Эвин ожидаемо сощурился, а под маской наверняка и скривился.
– Да брось подлизываться к отцу, аж противно. Я видел, ты до дрожи боишься этой громадины и осуждаешь ее существование, как и все другие твои святоши…
– Неправда! ― выпалил Вальин, хмурясь. Что за глупости? ― Мы никого не боимся, тем более не осуждаем, мы просто служим свету, а Кошмарище – не наше дело, и…
Он сам едва не хлопнул себя по губам. «Кошмарище»! Он же обещал себе оставить мерзкое, несправедливое прозвище храма только в тревожных мыслях, никогда не говорить вслух! Щеки загорелись от стыда и вины, неясно даже перед кем. Перед отцом, Сафирой, ди Рэсами, самим Вудэном? Хорошо, что румянца не было видно за маской.

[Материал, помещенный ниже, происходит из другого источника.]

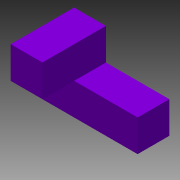
# Autodesk Inventor part: Part 2.1
Saved by Autodesk Inventor 2013 (Build 170138000, 138)
## iProperties
Created: 2013-11-13
Part Number: Part 2.1
Material: Generic
Document SubType Name: Modeling
Designer: s601298
Density: 1 g/cm^3
Mass: 34.5665 g
Surface Area: 79.8385 cm^2
Volume: 34.5665 cm^3
Author: s601298
Autodesk Inventor part; units mm, degrees
ref_plane "YZ Plane" through (0, 0, 0) normal (1, 0, 0) x (0, 1, 0)
ref_plane "XZ Plane" through (0, 0, 0) normal (0, 1, 0) x (-1, 0, 0)
ref_plane "XY Plane" through (0, 0, 0) normal (0, 0, 1) x (1, 0, 0)
sketch "Sketch1" plane through (0, 0, 0) normal (0, 0, 1) x (1, 0, 0)
  line L0 (-18.0321, 15.2691) -> (39.1179, 15.2691)
  line L1 (39.1179, 15.2691) -> (39.1179, -3.7809)
  line L2 (39.1179, -3.7809) -> (-18.0321, -3.7809)
  line L3 (-18.0321, -3.7809) -> (-18.0321, 15.2691)
  point P0 (0, 0)
  dimension "d0" = 57.15
  dimension "d2" = 19.05
  constraints: 8 end point, 2 parallel, 1 horizontal, 1 perpendicular
  measures "d0" distance of L0.start L0.end
  measures "d2" distance of L2.end L0.start
extrude "Extrusion1" add sketch "Sketch1" along normal blind 19.05
sketch "Sketch2" plane through (-18.0321, 15.2691, 0) normal (0, 1, 0) x (1, 0, 0)
  line L0 (0, 0) -> (19.05, 0)
  line L1 (19.05, 0) -> (19.05, -38.1)
  line L2 (19.05, -38.1) -> (0, -38.1)
  line L3 (0, -38.1) -> (0, 0)
  point P0 (18.0321, 0)
  dimension "d5" = 19.05
  dimension "d6" = 38.1
  constraints: 8 end point, 2 parallel, 1 horizontal, 1 perpendicular
  measures "d5" distance of L1.end L2.end
  measures "d6" distance of L0.end L1.end
extrude "Extrusion2" add sketch "Sketch2" along normal blind 19.05
body "Solid1"

– Да ты хоть был там? ― вкрадчиво поинтересовался Эвин, и сам прекрасно знающий ответ. ― То-то же. А я был. И Король Кошмаров там всюду, и люди таращатся на него, разинув рты, и кровь там льется каждый день, и он становится от этого сильнее.
– Он делает много важного, так пусть и становится… ― начал Вальин.
Эвин, зашипев не хуже рассерженной змеи, резко нагнулся, подобрал за хвост длинную мертвую рыбину и подсунул к самому его носу:
– Делает много важного?! И это?
– Убери ее! ― Невольно попятившись, Вальин споткнулся и упал на гальку, ударился спиной. Он не то чтобы испугался, но мутный взгляд и приоткрытый рот рыбы словно отпечатались на внутренней стороне век, теперь так и стояли перед глазами.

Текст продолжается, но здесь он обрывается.